Hay motivos para quejarse sirviendo al Señor?

Esta es la gran pregunta que muchos de nosotros nos habremos formulado en algún momento del proceso de crecimiento en el Evangelio, que sabemos que prácticamente nunca se acabará.

Nos quejamos fundamentalmente, porque somos hombres y los hombres deseamos ver los frutos de nuestro trabajo, queremos ver los resultados de lo que hacemos.

Podríamos decir que ese afán por ver los resultados, nos hace perder de vista muchas de las enseñanzas de la Palabra de Dios.

Jesús enseñaba a quienes lo seguían de la necesidad de perseverar, pero nunca enseñó que deberíamos esperar ver los frutos de nuestro trabajo.
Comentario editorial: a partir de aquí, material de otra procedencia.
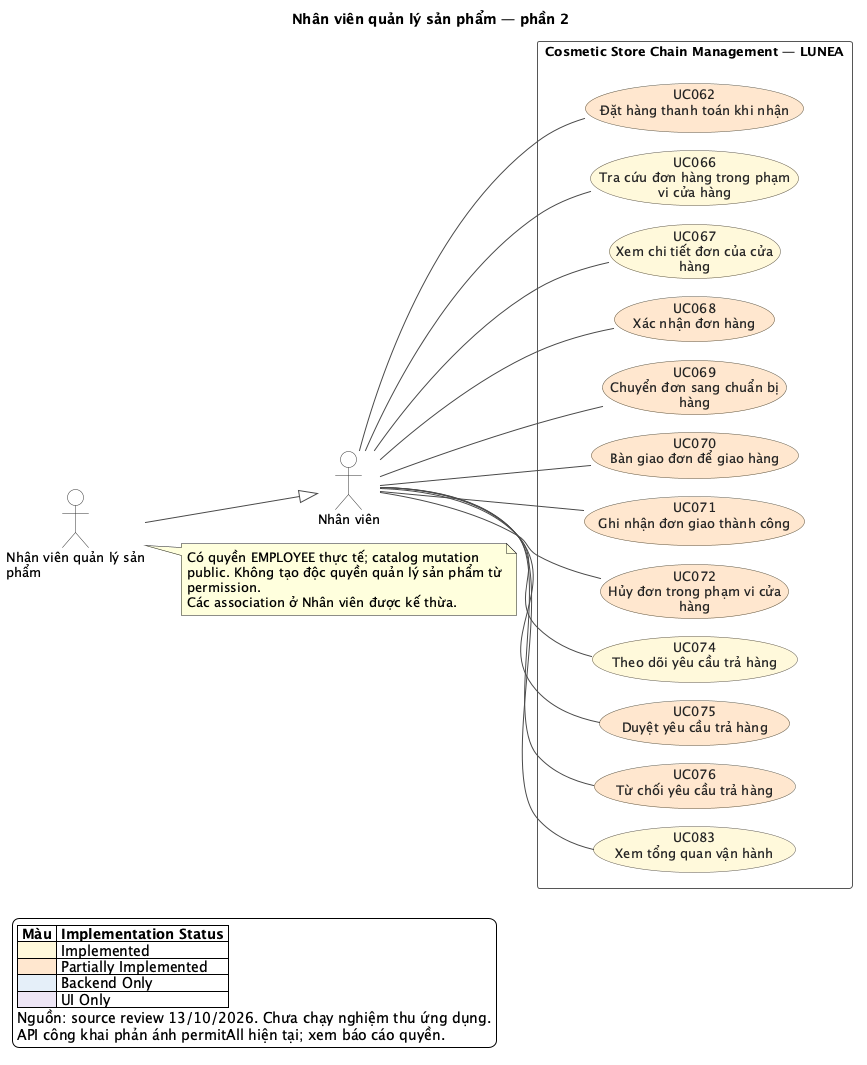

The diagram above was rendered by PlantUML. Its source (embedded in the PNG):
@startuml
!pragma layout smetana
left to right direction
skinparam backgroundColor #FFFFFF
skinparam shadowing false
skinparam defaultFontName SansSerif
skinparam defaultFontSize 13
skinparam ArrowColor #4A4A4A
skinparam ArrowThickness 1
skinparam actorStyle stickman
skinparam actorBackgroundColor #FFFFFF
skinparam actorBorderColor #333333
skinparam usecaseBorderColor #5C5544
skinparam usecaseFontColor #252525
skinparam rectangleBorderColor #565656
skinparam rectangleBackgroundColor #FFFFFF
skinparam nodesep 32
skinparam ranksep 70
title Nhân viên quản lý sản phẩm — phần 2
actor "Nhân viên quản lý sản\nphẩm" as A_PRODUCT_MANAGER
actor "Nhân viên" as A_EMPLOYEE
A_PRODUCT_MANAGER --|> A_EMPLOYEE
rectangle "Cosmetic Store Chain Management — LUNEA" as SYSTEM {
  usecase "UC062\nĐặt hàng thanh toán khi nhận" as UC062 #FFE7CE
  usecase "UC066\nTra cứu đơn hàng trong phạm\nvi cửa hàng" as UC066 #FFF8DB
  usecase "UC067\nXem chi tiết đơn của cửa\nhàng" as UC067 #FFF8DB
  usecase "UC068\nXác nhận đơn hàng" as UC068 #FFE7CE
  usecase "UC069\nChuyển đơn sang chuẩn bị\nhàng" as UC069 #FFE7CE
  usecase "UC070\nBàn giao đơn để giao hàng" as UC070 #FFE7CE
  usecase "UC071\nGhi nhận đơn giao thành công" as UC071 #FFE7CE
  usecase "UC072\nHủy đơn trong phạm vi cửa\nhàng" as UC072 #FFE7CE
  usecase "UC074\nTheo dõi yêu cầu trả hàng" as UC074 #FFF8DB
  usecase "UC075\nDuyệt yêu cầu trả hàng" as UC075 #FFE7CE
  usecase "UC076\nTừ chối yêu cầu trả hàng" as UC076 #FFE7CE
  usecase "UC083\nXem tổng quan vận hành" as UC083 #FFF8DB
}
A_EMPLOYEE -- UC062
A_EMPLOYEE -- UC066
A_EMPLOYEE -- UC067
A_EMPLOYEE -- UC068
A_EMPLOYEE -- UC069
A_EMPLOYEE -- UC070
A_EMPLOYEE -- UC071
A_EMPLOYEE -- UC072
A_EMPLOYEE -- UC074
A_EMPLOYEE -- UC075
A_EMPLOYEE -- UC076
A_EMPLOYEE -- UC083
note right of A_PRODUCT_MANAGER
Có quyền EMPLOYEE thực tế; catalog mutation
public. Không tạo độc quyền quản lý sản phẩm từ
permission.
Các association ở Nhân viên được kế thừa.
end note
legend bottom left
|= Màu |= Implementation Status |
|<#FFF8DB> | Implemented |
|<#FFE7CE> | Partially Implemented |
|<#E5EEF9> | Backend Only |
|<#EDE5F4> | UI Only |
Nguồn: source review 13/10/2026. Chưa chạy nghiệm thu ứng dụng.
API công khai phản ánh permitAll hiện tại; xem báo cáo quyền.
endlegend
@enduml

Por eso el Hijo del Hombre, explicó que unos siembran y otros siegan. Y si sembramos, por qué esperamos segar? Es evidente que el verdadero trasfondo de nuestras quejas, no es otro que el de la vana-gloria.

Ansiamos la notoriedad y cuánto mayores resultados podamos exhibir, mejor para nuestro orgullo, para nuestro ego insaciable.

Seguramente porque el Eterno conoce nuestro corazón, muchas veces impide que veamos los frutos de nuestra siembra.

Somos nosotros mismos los que provocamos con nuestro anhelo desmesurado, que finalmente no tengamos oportunidad de ver como las semillas que plantamos han caído en la buena tierra.

Seamos sabios. No caigamos en la desesperanza, porque es una demostración de nuestra propia ansiedad. Dejemos que cada cosa ocurra a su tiempo perfecto.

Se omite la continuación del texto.